E se os métodos de tratamento forem avançados e houver a opção de operar crianças ou adultos com esses fatores de risco cerebrais? Muitos especialistas hesitam em advogar semelhantes intervenções cerebrais invasivas e arriscadas — sobretudo em crianças e em indivíduos que ainda não cometeram crime algum.
Contudo, os psicólogos afirmam que tais soluções não são a única maneira de intervir.
“Você não precisa realizar uma cirurgia cerebral direta para mudar a forma como o cérebro funciona,” disse Patricia Brennan. “Pode-se promover intervenções sociais a fim de mudar isso.”
Os estudos de Nathalie Fontaine, por exemplo, sugerem que garotos que exibem traços de insensibilidade e não emotividade não respondem tão bem aos métodos punitivos e de criação tradicionais, tais como botar de castigo num local determinado. Em vez de punir o mau comportamento, programas que enfatizam a recompensa por bom comportamento com reforço positivo parecem funcionar melhor.
Adrian Raine e seus colegas também estão testando se crianças que tomam comprimidos suplementares de ácidos graxos ômega-3 — também conhecidos como óleo de peixe — podem demonstrar alguma melhora. Já que se acredita que esse nutriente é usado no desenvolvimento celular, os neurocientistas suspeitam que ele possa ajudar as células cerebrais a crescerem, a aumentar o tamanho dos axônios (a parte dos neurônios que conduz impulsos elétricos) e a regular o funcionamento neuronal.
“Estamos escaneando os cérebros das crianças antes e depois do tratamento com ômega-3″, disse Raine. “Estamos estudando esses garotos para ver se esse nutriente consegue reduzir o comportamento agressivo e a melhorar as áreas prejudicadas do cérebro. É um tratamento biológico, mas é um tratamento relativamente benigno que a maioria das pessoas aceitaria.”
“Uma ladeira escorregadia para o Armagedon”*
O campo da neurocriminologia também levanta outras dúvidas filosóficas, como a questão de se a revelação do papel de anormalidades cerebrais na criminalidade reduziria a responsabilidade de uma pessoa por suas próprias ações.
“Os psicopatas sabem o que é certo e o que é errado cognitivamente; porém, eles não têm um sentimento para o que é certo e para o que é errado”, disse Adrian Raine. “Por acaso eles pediram para ter uma amígdala que não funcionasse tão bem quanto a de outros indivíduos? Deveríamos estar punindo psicopatas tão severamente como fazemos?”
Já que o cérebro dos psicopatas encontra-se comprometido, diz Raine, seria possível argumentar que eles não têm plena responsabilidade por seus atos. Isso — de fato — não é culpa deles.

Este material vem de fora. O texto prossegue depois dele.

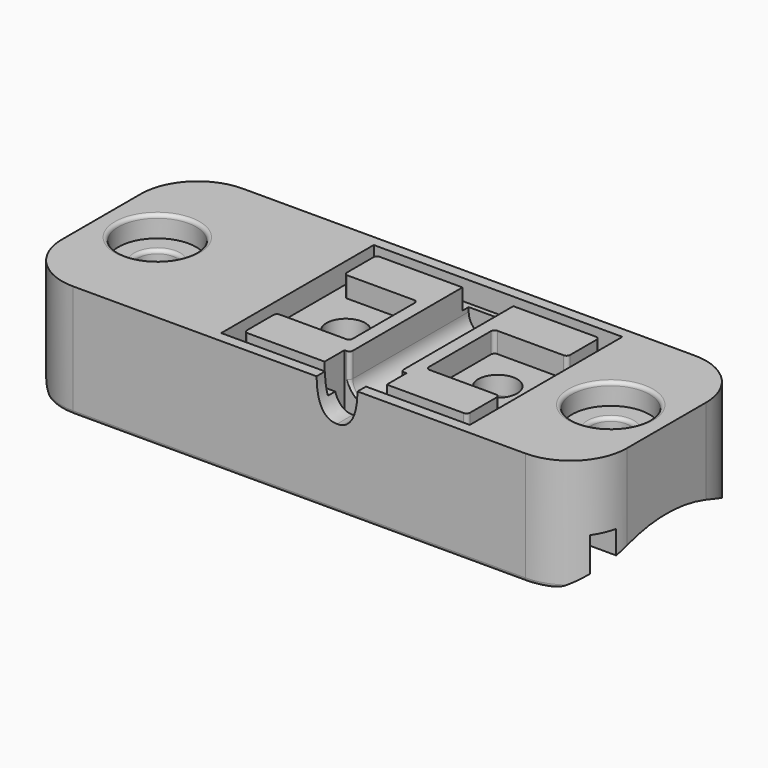
from build123d import *

# Parameters (mm, degrees)
F0_R          = 2.75
F1_DEPTH      = 14
F2_R          = 22.5
F3_DEPTH      = 45
F4_R          = 5.5
F4_R_2        = 2.75
F5_DEPTH      = 1
F6_R          = 5.5
F7_DEPTH      = 10
F8_W          = 7.2
F8_H          = 21
F8_W_2        = 0.8
F8_H_2        = 4
F9_DEPTH      = 4
F11_DEPTH     = 2
F13_R         = 0.5
F15_DEPTH     = 2.8
F16_DEPTH     = 14.0010001
F18_DEPTH     = 34.5
F19_T1_DEPTH  = 20.5
F19_T6_ANGLE  = 359.64
F19_T11_ANGLE = 359.64
F20_R         = 2.75
F21_DEPTH     = 2.9
F22_R         = 0.5
F23_R         = 0.3


# Not quite as in the source:
# - a fillet or chamfer that OpenCascade refuses, or shapes differently, is made with other operations: its cross-section is extruded or revolved along the edge and cut away or added
# - a feature names something its author has since deleted; it is built from what else it names


with BuildPart() as f1:
    # F0 (on Top) → F1 (new body)
    with BuildSketch(Plane.XY):
        with BuildLine():
            Line((-32, -15), (0, -15))
            Line((0, -15), (32, -15))
            ThreePointArc((32, -15), (37.6568542495, -12.6568542495), (40, -7))
            Line((40, -7), (40, 7))
            ThreePointArc((40, 7), (37.6568542495, 12.6568542495), (32, 15))
            Line((32, 15), (0, 15))
            Line((0, 15), (-32, 15))
            ThreePointArc((-32, 15), (-37.6568542495, 12.6568542495), (-40, 7))
            Line((-40, 7), (-40, -7))
            ThreePointArc((-40, -7), (-37.6568542495, -12.6568542495), (-32, -15))
        make_face()
        with Locations((-32.1, 0)):
            Circle(F0_R, mode=Mode.SUBTRACT)
        with Locations((-5.4, 0)):
            Circle(F0_R, mode=Mode.SUBTRACT)
        with Locations((16.1, 0)):
            Circle(F0_R, mode=Mode.SUBTRACT)
        with Locations((32.1, 0)):
            Circle(F0_R, mode=Mode.SUBTRACT)
    extrude(amount=F1_DEPTH)

    # F2 (on Right) → F3 (cut, symmetric)
    with BuildSketch(Plane.YZ):
        with Locations((0, -17.5)):
            Circle(F2_R)
    extrude(amount=F3_DEPTH, both=True, mode=Mode.SUBTRACT)

    # F4 (on face) → F5 (cut)
    with BuildSketch(Plane.XY.offset(14)):
        with Locations((32.1, 0)):
            Circle(F4_R)
        with Locations((32.1, 0)):
            Circle(F4_R_2, mode=Mode.SUBTRACT)
        with Locations((-32.1, 0)):
            Circle(F4_R)
        with Locations((-32.1, 0)):
            Circle(F4_R_2, mode=Mode.SUBTRACT)
    extrude(amount=-F5_DEPTH, mode=Mode.SUBTRACT)

    # F6 (on face) → F7 (cut)
    with BuildSketch(Plane.XY):
        Polygon((19.1711153401, 5.1961524227), (13.1711153401, 5.1961524227), (10.1711153401, 0), (13.1711153401, -5.1961524227), (19.1711153401, -5.1961524227), (22.1711153401, 0), align=None)
        Polygon((-8.4, -5.1961524227), (-2.4, -5.1961524227), (0.6, 0), (-2.4, 5.1961524227), (-8.4, 5.1961524227), (-11.4, 0), align=None)
        with Locations((-32.1, 0)):
            Circle(F6_R)
        with Locations((32.1, 0)):
            Circle(F6_R)
    extrude(amount=F7_DEPTH, mode=Mode.SUBTRACT)

    # F8 (on face) → F9 (cut)
    with BuildSketch(Plane.XY.offset(14)):
        with Locations((5.35, 2.3)):
            Rectangle(F8_W, F8_H)
        with Locations((1.35, -10.2)):
            Rectangle(F8_W_2, F8_H_2)
        Polygon((1.75, -8.2), (1.75, -12.2), (2.55, -12.2), (8.15, -12.2), (8.95, -12.2), (8.95, -8.2), align=None)
        with Locations((9.35, -10.2)):
            Rectangle(F8_W_2, F8_H_2)
    extrude(amount=-F9_DEPTH, mode=Mode.SUBTRACT)

    # F11 (add): faces of the model
    f11_faces = [f1.faces().sort_by_distance(p)[0] for p in [
        (-0.6514327417, 0.0058717003, 14),
        (-0.6514327417, 0.0058717003, 14),
    ]]
    extrude(f11_faces, amount=F11_DEPTH)

    # F13
    f13_edges = [f1.edges().sort_by_distance(p)[0] for p in [
        (1.75, -8.2, 13),
        (8.95, -8.2, 13),
        (26.6, 0, 16),
        (-37.6, 0, 16),
        (-34.85, 0, 13),
        (29.35, 0, 13),
        (-34.85, 0, 10),
        (-8.15, 0, 10),
        (13.35, 0, 10),
        (29.35, 0, 10),
        (0, 15, 0),
        (0, -15, 0),
    ]]
    fillet(f13_edges, radius=F13_R)

    # F14 (on face) → F15 (cut, through all)
    with BuildSketch(Plane.XZ.offset(15)):
        with BuildLine():
            Line((8.25, 16), (5.35, 16))
            Line((5.35, 16), (2.45, 16))
            add(Edge.make_bspline(
                [(2.45, 16), (2.4636389963, 13.8166910037), (2.9653143138, 10.9900690839), (5.35, 11)],
                knots=[0, 0, 0, 0, 5.7801384066, 5.7801384066, 5.7801384066, 5.7801384066], degree=3))
            add(Edge.make_bspline(
                [(8.25, 16), (8.2363610037, 13.8166910037), (7.7346856862, 10.9900690839), (5.35, 11)],
                knots=[0, 0, 0, 0, 5.7801384066, 5.7801384066, 5.7801384066, 5.7801384066], degree=3))
        make_face()
    extrude(amount=-F15_DEPTH, mode=Mode.SUBTRACT)

    # F8 (on face) → F16 (cut, through all)
    with BuildSketch(Plane.XY.offset(14)):
        Polygon((1.75, -8.2), (1.75, -12.2), (2.55, -12.2), (8.15, -12.2), (8.95, -12.2), (8.95, -8.2), align=None)
        with Locations((1.35, -10.2)):
            Rectangle(F8_W_2, F8_H_2)
        with Locations((9.35, -10.2)):
            Rectangle(F8_W_2, F8_H_2)
    extrude(amount=-F16_DEPTH, mode=Mode.SUBTRACT)

    # F17 (on face) → F18 (cut)
    with BuildSketch(Plane.YZ.offset(40)):
        Polygon((-8.6836605117, 0), (-8.6836605117, 6.5744962582), (-11.6836605117, 6.5744962582), (-11.6836605117, 3.8834047803), (-11.6836605117, 0), align=None)
    extrude(amount=-F18_DEPTH, mode=Mode.SUBTRACT)

    # F19: fillet of radius 2.5 on 2 edges, made by hand

    # F19_s2 → F19_t1 (join)
    with BuildSketch(Plane.XZ.offset(-12.8)):
        with BuildLine():
            ThreePointArc((8.95, 12.5), (8.217766953, 10.732233047), (6.45, 10))
            Line((6.45, 10), (8.95, 10))
            Line((8.95, 10), (8.95, 12.5))
        make_face()
        with BuildLine():
            ThreePointArc((1.75, 12.5), (2.482233047, 10.732233047), (4.25, 10))
            Line((4.25, 10), (1.75, 10))
            Line((1.75, 10), (1.75, 12.5))
        make_face()
    extrude(amount=F19_T1_DEPTH)


with BuildPart() as f19_tool4:
    # F19_s5 → F19_t6 (revolve)
    with BuildSketch(Plane(origin=(0.0484286009, -7.7075497951, 0), x_dir=(0, 0, 1), z_dir=(0.006283144, -0.9999802609, 0))):
        with BuildLine():
            ThreePointArc((12.5, -1.7015951175), (10.732233047, -2.4338281646), (10, -4.2015951175))
            Line((10, -4.2015951175), (10, -1.7015951175))
            Line((10, -1.7015951175), (12.5, -1.7015951175))
        make_face()
    revolve(axis=Axis((1.25, -7.7, 10), (0, 0, 1)), revolution_arc=F19_T6_ANGLE)

    split(bisect_by=Plane.XZ.offset(8.2), keep=Keep.BOTTOM)


with BuildPart() as f1_1:
    add(f1.part)

    # F19_t3: union F19_tool4
    add(f19_tool4.part)


with BuildPart() as f19_tool9:
    # F19_s10 → F19_t11 (revolve)
    with BuildSketch(Plane.XZ.offset(7.7)):
        with BuildLine():
            ThreePointArc((8.95, 12.5), (8.217766953, 10.732233047), (6.45, 10))
            Line((6.45, 10), (8.95, 10))
            Line((8.95, 10), (8.95, 12.5))
        make_face()
    revolve(axis=Axis((9.45, -7.7, 10), (0, 0, 1)), revolution_arc=F19_T11_ANGLE)

    split(bisect_by=Plane.XZ.offset(8.2), keep=Keep.BOTTOM)


with BuildPart() as f1_2:
    add(f1_1.part)

    # F19_t8: union F19_tool9
    add(f19_tool9.part)

    # F20 (on face) → F21 (cut)
    with BuildSketch(Plane.XY.offset(16)):
        Polygon((5.35, 13.5), (-12.25, 13.5), (-12.25, -13.5), (2.45, -13.5), (2.45, -12.2), (0.95, -12.2), (0.95, -11.7), (-10.45, -11.7), (-10.45, -6), (-0.05, -6), (-0.05, 6), (-10.45, 6), (-10.45, 11.7), (1.75, 11.7), (1.75, 12.8), (5.35, 12.8), align=None)
        with Locations((-5.4, 0)):
            Circle(F20_R, mode=Mode.SUBTRACT)
        Polygon((22.95, 13.5), (5.35, 13.5), (5.35, 12.8), (8.95, 12.8), (8.95, 11.7), (21.15, 11.7), (21.15, 6), (10.75, 6), (10.75, -6), (21.15, -6), (21.15, -11.7), (9.75, -11.7), (9.75, -12.2), (8.25, -12.2), (8.25, -13.5), (22.95, -13.5), align=None)
        with Locations((16.1, 0)):
            Circle(F20_R, mode=Mode.SUBTRACT)
        Polygon((2.45, -12.2), (2.45, -13.5), (5.35, -13.5), (5.35, -11.7), (0.95, -11.7), (0.95, -12.2), align=None)
        Polygon((5.35, -11.7), (5.35, -13.5), (8.25, -13.5), (8.25, -12.2), (9.75, -12.2), (9.75, -11.7), align=None)
    extrude(amount=-F21_DEPTH, mode=Mode.SUBTRACT)

    # F22
    f22_edges = [f1_2.edges().sort_by_distance(p)[0] for p in [
        (-0.05, 6, 14.55),
        (-10.45, 6, 14.55),
        (-10.45, 11.7, 14.55),
        (21.15, 6, 14.55),
        (-10.45, -6, 14.55),
        (-10.45, -11.7, 14.55),
        (21.15, -11.7, 14.55),
        (-0.05, -6, 14.55),
        (10.75, -6, 14.55),
        (21.15, -6, 14.55),
        (10.75, 6, 14.55),
        (21.15, 11.7, 14.55),
    ]]
    fillet(f22_edges, radius=F22_R)

    # F23
    f23_edges = [f1_2.edges().sort_by_distance(p)[0] for p in [
        (-9.892287, 2.611436, 4.84794),
        (-9.892287, -2.611436, 4.84794),
        (-5.4, -5.196152, 4.391779),
        (-0.907713, -2.611436, 4.84794),
        (-0.907713, 2.611436, 4.84794),
        (-5.4, 5.196152, 4.391779),
        (16.171115, 5.196152, 4.391779),
        (11.678829, 2.611436, 4.84794),
        (11.678829, -2.611436, 4.84794),
        (16.171115, -5.196152, 4.391779),
        (20.663402, -2.611436, 4.84794),
        (20.663402, 2.611436, 4.84794),
        (-37.599997, 0.005441, 4.999999),
        (26.600003, 0.005441, 4.999999),
    ]]
    fillet(f23_edges, radius=F23_R)


solid = f1_2.part

Na verdade, essa linha de raciocínio já foi apresentada num tribunal. Raine relatou um caso que estudara, de um homem chamado Herbert Weinstein, que havia matado sua esposa. Escaneamentos cerebrais acabaram revelando um grande cisto no córtex frontal do cérebro de Weinstein, mostrando que suas habilidades cognitivas estavam significantemente comprometidas.
Os escaneamentos foram usados para se conseguir uma plea bargain** em que a sentença de Weinstein fora reduzida para apenas 11 anos de prisão.
“O escaneamento foi utilizado para reduzir a imputabilidade dele, para reduzir sua responsabilidade”, disse Raine. “No entanto, não seria isso uma ladeira escorregadia para o Armagedon, onde não haveria nenhuma responsabilidade na sociedade?”
NOTAS
* Aqui, o termo “ladeira escorregadia” [slippery slope] remete a seu sentido metafórico evidente. Porém, a expressão também alude a uma conhecidafalácia. (Nota do tradutor)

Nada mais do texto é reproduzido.